──────── Extracted records ────────
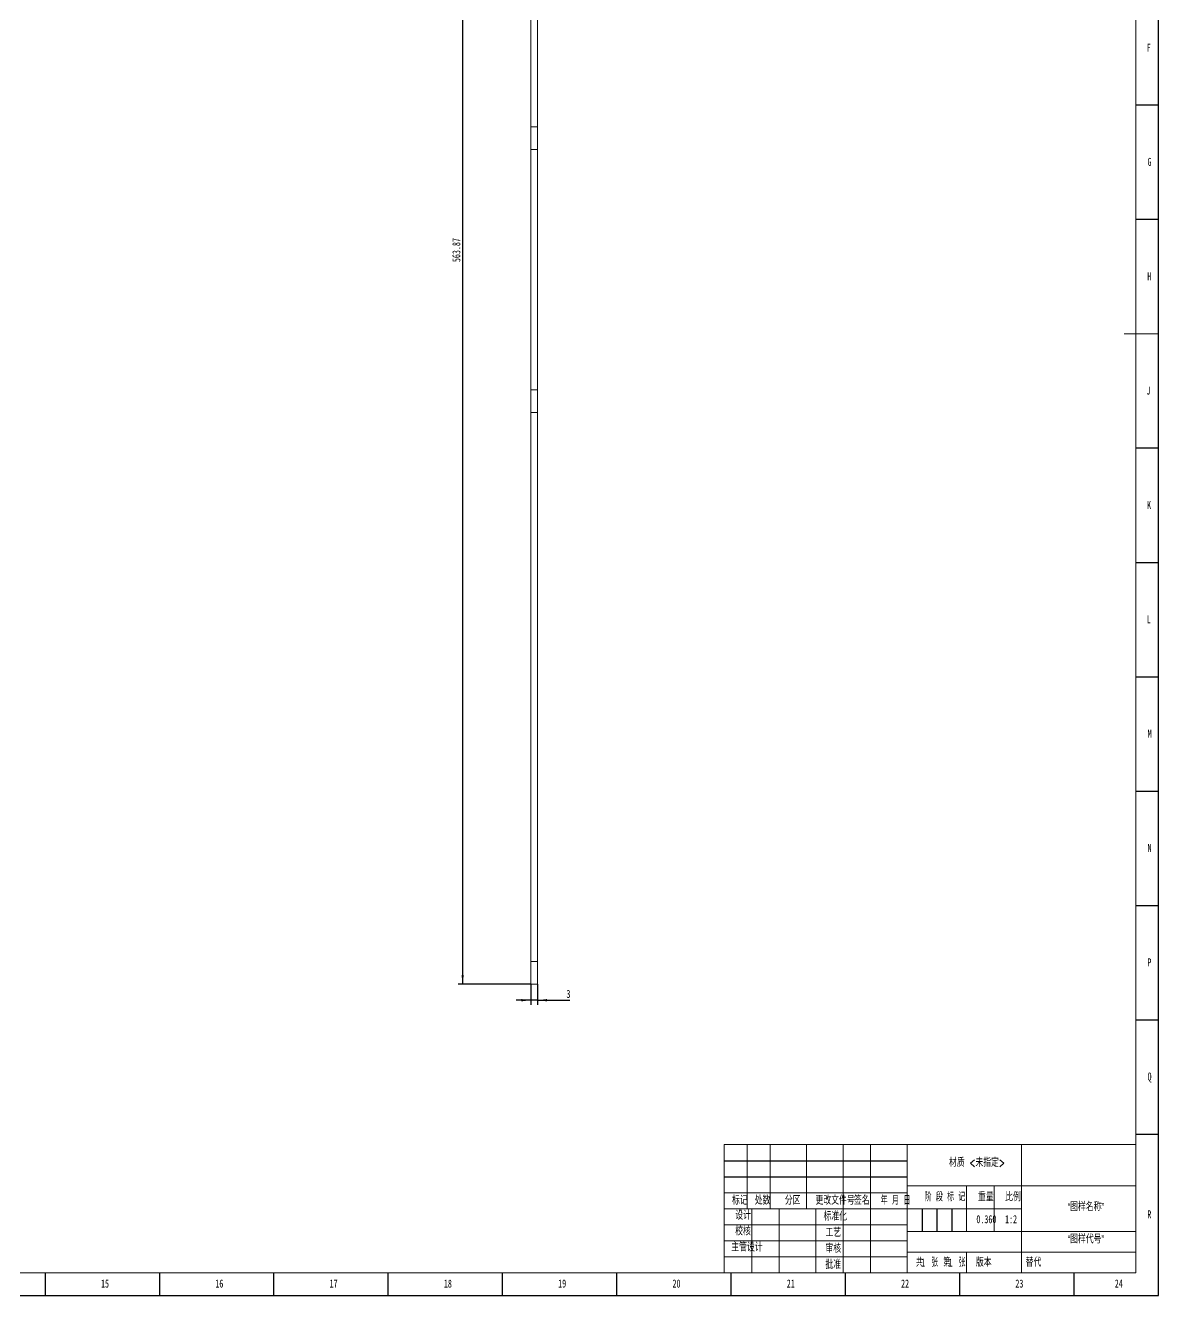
# Model space of a CAD drawing. Header units: millimetres. Extents: x 0 to 1189, y -8769 to 9701.
# Drawn here: x 693 to 1189, y 0 to 555 of the extents above; entities that cross this region are included whole.
import ezdxf

# ---------------------------------------------------------------- set-up
doc = ezdxf.new("R2010")
doc.units = ezdxf.units.MM
for name, color, linetype in [('10', 7, 'Continuous'), ('5', 7, 'Continuous'), ('9', 7, 'Continuous'), ('SLD-0', 7, 'Continuous')]:
    doc.layers.add(name, color=color, linetype=linetype)
doc.styles.add('SLDTEXTSTYLE0', font='TXT', dxfattribs={"width": 0.7, "bigfont": 'bigfont'})
doc.styles.add('SLDTEXTSTYLE1', font='TXT', dxfattribs={"width": 0.6, "bigfont": 'bigfont'})
doc.styles.add('SLDTEXTSTYLE2', font='TXT', dxfattribs={"width": 0.614286, "bigfont": 'bigfont'})
doc.styles.add('SLDTEXTSTYLE3', font='TXT', dxfattribs={"width": 0.62, "bigfont": 'bigfont'})
doc.styles.add('SLDTEXTSTYLE5', font='TXT', dxfattribs={"width": 0.7})
doc.dimstyles.new('SLDDIMSTYLE0', dxfattribs={"dimtxt": 3.5, "dimasz": 4.08, "dimexe": 0, "dimexo": 0.0625, "dimgap": 0.875, "dimtad": 2, "dimrnd": 1e-09, "dimzin": 12, "dimdsep": 46, "dimtxsty": 'SLDTEXTSTYLE5', "dimsah": 1, "dimcen": 0.09, "dimadec": 0, "dimazin": 3, "dimtfac": 1, "dimtofl": 0, "dimtmove": 0, "dimatfit": 3, "dimfxl": 1, "dimfrac": 2, "dimtolj": 1, "dimtzin": 12, "dimarcsym": 0})
doc.dimstyles.new('SLDDIMSTYLE2', dxfattribs={"dimtxt": 3.5, "dimasz": 4.08, "dimexe": 0, "dimexo": 0.0625, "dimgap": 0.875, "dimtad": 2, "dimrnd": 1e-09, "dimzin": 12, "dimdsep": 46, "dimtxsty": 'SLDTEXTSTYLE5', "dimsah": 1, "dimcen": 0.09, "dimadec": 0, "dimazin": 3, "dimtfac": 1, "dimtmove": 0, "dimatfit": 0, "dimfxl": 1, "dimfrac": 2, "dimtolj": 1, "dimtzin": 12, "dimarcsym": 0})

# ---------------------------------------------------------------- blocks, each defined once
blk = doc.blocks.new('_D_48')
at = {"layer": '10'}
for p, q in [((914.32, 699.99), (882.54, 699.99)), ((884.54, 699.99), (884.54, 136.12)), ((914.32, 136.12), (882.54, 136.12))]:
    blk.add_line(p, q, dxfattribs=at)
for points in [[(884.54, 699.99), (884.03, 695.91), (885.04, 695.91)], [(884.54, 136.12), (885.04, 140.2), (884.03, 140.2)]]:
    blk.add_solid(points, dxfattribs=at)
at = {"layer": '10', "insert": (880.02, 451.95), "char_height": 3.5, "attachment_point": 1, "rotation": 90, "style": 'SLDTEXTSTYLE5'}
blk.add_mtext('563.87', dxfattribs=at)
blk = doc.blocks.new('_D_49')
at = {"layer": '10'}
for p, q in [((914.32, 136.12), (914.32, 127.17)), ((917.32, 136.12), (917.32, 127.17)), ((914.32, 129.17), (907.97, 129.17)), ((917.32, 129.17), (914.32, 129.17)), ((917.32, 129.17), (931.48, 129.17))]:
    blk.add_line(p, q, dxfattribs=at)
for points in [[(914.32, 129.17), (910.24, 129.67), (910.24, 128.66)], [(917.32, 129.17), (921.4, 128.66), (921.4, 129.67)]]:
    blk.add_solid(points, dxfattribs=at)
at = {"layer": '10', "insert": (929.94, 133.68), "char_height": 3.5, "attachment_point": 1, "style": 'SLDTEXTSTYLE5'}
blk.add_mtext('3', dxfattribs=at)

msp = doc.modelspace()

# ---------------------------------------------------------------- linework, layer by layer
at = {"color": 7, "linetype": 'Continuous', "lineweight": 15}
for p, q in [((914.316, 632.492), (914.316, 511.117)), ((917.316, 632.492), (917.316, 511.117)), ((914.316, 511.117), (917.316, 511.117)), ((914.316, 501.117), (914.316, 511.117)), ((917.316, 511.117), (917.316, 501.117)), ((917.316, 501.117), (914.316, 501.117)), ((914.316, 501.117), (914.316, 396.117)), ((917.316, 501.117), (917.316, 396.117)), ((914.316, 396.117), (917.316, 396.117)), ((914.316, 386.117), (914.316, 396.117)), ((917.316, 396.117), (917.316, 386.117)), ((917.316, 386.117), (914.316, 386.117)), ((914.316, 386.117), (914.316, 146.117)), ((917.316, 386.117), (917.316, 146.117)), ((914.316, 146.117), (917.316, 146.117)), ((914.316, 136.117), (914.316, 146.117)), ((917.316, 146.117), (917.316, 136.117)), ((917.316, 136.117), (914.316, 136.117))]:
    msp.add_line(p, q, dxfattribs=at)
at = {"layer": '5', "color": 7}
for p, q in [((1189, 0), (1189, 841)), ((999, 59), (1079, 59)), ((999, 52), (1079, 52)), ((1085.5, 38), (1085.5, 28)), ((1092, 38), (1092, 28)), ((1098.5, 38), (1098.5, 28)), ((0, 0), (1189, 0))]:
    msp.add_line(p, q, dxfattribs=at)
at = {"layer": '5', "color": 7, "lineweight": 15}
for p, q in [((1179, 10), (1179, 831.05)), ((999, 66), (1179, 66)), ((999, 66), (999, 10)), ((1009, 66), (1009, 38)), ((1019, 66), (1019, 38)), ((1035, 66), (1035, 38)), ((1051, 66), (1051, 10)), ((1063, 66), (1063, 10)), ((1079, 66), (1079, 10)), ((1129, 66), (1129, 38)), ((999, 45), (1079, 45)), ((1079, 48), (1179, 48)), ((1105, 48), (1105, 28)), ((1117, 48), (1117, 28)), ((999, 38), (1129, 38)), ((1011, 38), (1011, 10)), ((1023, 38), (1023, 10)), ((1039, 38), (1039, 10)), ((1129, 38), (1129, 10)), ((999, 31), (1079, 31)), ((1079, 28), (1179, 28)), ((999, 24), (1079, 24)), ((999, 17), (1079, 17)), ((1079.006, 18.982), (1179, 18.982)), ((0, 10), (1179, 10))]:
    msp.add_line(p, q, dxfattribs=at)
at = {"layer": '5'}
for p, q in [((1189, 520.5), (1179, 520.5)), ((1189, 470.5), (1179, 470.5)), ((1189, 370.5), (1179, 370.5)), ((1189, 320.5), (1179, 320.5)), ((1189, 270.5), (1179, 270.5)), ((1189, 220.5), (1179, 220.5)), ((1189, 170.5), (1179, 170.5)), ((1189, 120.5), (1179, 120.5)), ((1189, 70.5), (1179, 70.5)), ((702, 0), (702, 10)), ((752, 0), (752, 10)), ((802, 0), (802, 10)), ((852, 0), (852, 10)), ((902, 0), (902, 10)), ((952, 0), (952, 10)), ((1002, 0), (1002, 10)), ((1052, 0), (1052, 10)), ((1102, 0), (1102, 10)), ((1152, 0), (1152, 10))]:
    msp.add_line(p, q, dxfattribs=at)
at = {"layer": '5', "lineweight": 15}
for p, q in [((1189, 420.5), (1174, 420.5)), ((1105, 18.982), (1105, 10))]:
    msp.add_line(p, q, dxfattribs=at)

# ---------------------------------------------------------------- texts
at = {"layer": '10', "char_height": 3.5}
for s, insert, attachment_point, style in [('F', (1184.724, 547.463), 2, 'SLDTEXTSTYLE5'), ('G', (1185.039, 497.52), 2, 'SLDTEXTSTYLE5'), ('H', (1184.93, 447.463), 2, 'SLDTEXTSTYLE5'), ('J', (1184.515, 397.52), 2, 'SLDTEXTSTYLE5'), ('K', (1184.82, 347.463), 2, 'SLDTEXTSTYLE5'), ('L', (1184.681, 297.52), 2, 'SLDTEXTSTYLE5'), ('M', (1185.097, 247.463), 2, 'SLDTEXTSTYLE5'), ('N', (1185.049, 197.52), 2, 'SLDTEXTSTYLE5'), ('P', (1184.944, 147.463), 2, 'SLDTEXTSTYLE5'), ('Q', (1185.037, 97.52), 2, 'SLDTEXTSTYLE5'), ('\\M+18DDE质 <\\M+196A2\\M+18E77\\M+192E8>', (1109.475, 59.858), 2, 'SLDTEXTSTYLE0'), ('\\M+18167图样\\M+196BC\\M+18FCC\\M+18168', (1157.169, 40.511), 2, 'SLDTEXTSTYLE0'), ('0.360', (1113.646, 35.158), 2, 'SLDTEXTSTYLE5'), ('R', (1184.93, 37.27), 2, 'SLDTEXTSTYLE5'), ('\\M+18D5A\\M+18A6A', (1007.176, 29.857), 2, 'SLDTEXTSTYLE0'), ('\\M+18EE5\\M+18AC7设计', (1008.926, 22.83), 2, 'SLDTEXTSTYLE0'), ('\\M+18167图样\\M+191E3\\M+18D86\\M+18168', (1157.172, 26.366), 2, 'SLDTEXTSTYLE0'), ('1', (1085.11, 16.188), 1, 'SLDTEXTSTYLE5'), ('1', (1097.135, 16.188), 1, 'SLDTEXTSTYLE5'), ('15', (728.089, 7.02), 2, 'SLDTEXTSTYLE5'), ('16', (778.091, 7.02), 2, 'SLDTEXTSTYLE5'), ('17', (828.091, 7.02), 2, 'SLDTEXTSTYLE5'), ('18', (878.091, 7.02), 2, 'SLDTEXTSTYLE5'), ('19', (928.091, 7.02), 2, 'SLDTEXTSTYLE5'), ('20', (978.089, 7.02), 2, 'SLDTEXTSTYLE5'), ('21', (1028.089, 7.02), 2, 'SLDTEXTSTYLE5'), ('22', (1078.089, 7.02), 2, 'SLDTEXTSTYLE5'), ('23', (1128.089, 7.02), 2, 'SLDTEXTSTYLE5'), ('24', (1171.589, 7.02), 2, 'SLDTEXTSTYLE5')]:
    msp.add_mtext(s, dxfattribs=dict(at, insert=insert, attachment_point=attachment_point, style=style))
at = {"layer": '10', "color": 7, "insert": (1112.526, 16.188), "char_height": 3.5, "attachment_point": 2, "style": 'SLDTEXTSTYLE0'}
msp.add_mtext('\\M+194C5\\M+1967B', dxfattribs=at)
at = {"layer": '9', "color": 7, "char_height": 3.5, "attachment_point": 2}
for s, insert, style in [('阶 \\M+19269 标 记', (1095.536, 44.81), 'SLDTEXTSTYLE2'), ('\\M+18F64\\M+197CA', (1113.402, 44.81), 'SLDTEXTSTYLE0'), ('\\M+194E4\\M+197E1', (1125.295, 44.81), 'SLDTEXTSTYLE0'), ('标记', (1005.821, 43.306), 'SLDTEXTSTYLE0'), ('处\\M+19094', (1015.759, 43.306), 'SLDTEXTSTYLE0'), ('\\M+195AA\\M+18BE6', (1028.916, 43.306), 'SLDTEXTSTYLE0'), ('\\M+18D58\\M+189FC\\M+195B6\\M+18C8F\\M+18D86', (1047.473, 43.306), 'SLDTEXTSTYLE0'), ('签\\M+196BC', (1059.145, 43.306), 'SLDTEXTSTYLE0'), ('\\M+1944E \\M+18C8E \\M+193FA', (1073.909, 43.306), 'SLDTEXTSTYLE3'), ('设计', (1007.228, 36.767), 'SLDTEXTSTYLE0'), ('标\\M+18F79\\M+189BB', (1047.567, 36.358), 'SLDTEXTSTYLE0'), ('\\M+18D48艺', (1046.681, 29.23), 'SLDTEXTSTYLE0'), ('审\\M+18A6A', (1046.68, 22.249), 'SLDTEXTSTYLE0'), ('\\M+194E1\\M+18F79', (1046.662, 15.216), 'SLDTEXTSTYLE0'), ('\\M+18BA4  张', (1087.69, 16.188), 'SLDTEXTSTYLE1'), ('\\M+191E6  张', (1099.675, 16.188), 'SLDTEXTSTYLE1')]:
    msp.add_mtext(s, dxfattribs=dict(at, insert=insert, style=style))
at = {"layer": 'SLD-0', "char_height": 3.5}
for s, insert, attachment_point, style in [('1:2', (1124.437, 35.158), 2, 'SLDTEXTSTYLE5'), ('\\M+191D6\\M+191E3', (1130.851, 16.188), 1, 'SLDTEXTSTYLE0')]:
    msp.add_mtext(s, dxfattribs=dict(at, insert=insert, attachment_point=attachment_point, style=style))

# ---------------------------------------------------------------- dimensions: what is measured, and where the dimension line sits
at = {"layer": '10'}
dim = msp.add_linear_dim(base=(884.53538, 136.1172), p1=(914.3157, 699.99215), p2=(914.3157, 136.1172), angle=90, dimstyle='SLDDIMSTYLE0', dxfattribs=at)
dim.commit()
dim.dimension.update_dxf_attribs({"geometry": '_D_48', "text_midpoint": (884.53538, 456.54895), "dimtype": 160})
dim = msp.add_linear_dim(base=(914.316, 129.166), p1=(917.316, 136.117), p2=(914.316, 136.117), dimstyle='SLDDIMSTYLE2', dxfattribs=at)
dim.commit()
dim.dimension.update_dxf_attribs({"geometry": '_D_49', "text_midpoint": (930.712, 129.166), "dimtype": 160})

doc.saveas('drawing.dxf')
────────
**Exercise requirements**
When a line above includes the word "dimasz", please list that line.

**Exercise output**
doc.dimstyles.new('SLDDIMSTYLE0', dxfattribs={"dimtxt": 3.5, "dimasz": 4.08, "dimexe": 0, "dimexo": 0.0625, "dimgap": 0.875, "dimtad": 2, "dimrnd": 1e-09, "dimzin": 12, "dimdsep": 46, "dimtxsty": 'SLDTEXTSTYLE5', "dimsah": 1, "dimcen": 0.09, "dimadec": 0, "dimazin": 3, "dimtfac": 1, "dimtofl": 0, "dimtmove": 0, "dimatfit": 3, "dimfxl": 1, "dimfrac": 2, "dimtolj": 1, "dimtzin": 12, "dimarcsym": 0})
doc.dimstyles.new('SLDDIMSTYLE2', dxfattribs={"dimtxt": 3.5, "dimasz": 4.08, "dimexe": 0, "dimexo": 0.0625, "dimgap": 0.875, "dimtad": 2, "dimrnd": 1e-09, "dimzin": 12, "dimdsep": 46, "dimtxsty": 'SLDTEXTSTYLE5', "dimsah": 1, "dimcen": 0.09, "dimadec": 0, "dimazin": 3, "dimtfac": 1, "dimtmove": 0, "dimatfit": 0, "dimfxl": 1, "dimfrac": 2, "dimtolj": 1, "dimtzin": 12, "dimarcsym": 0})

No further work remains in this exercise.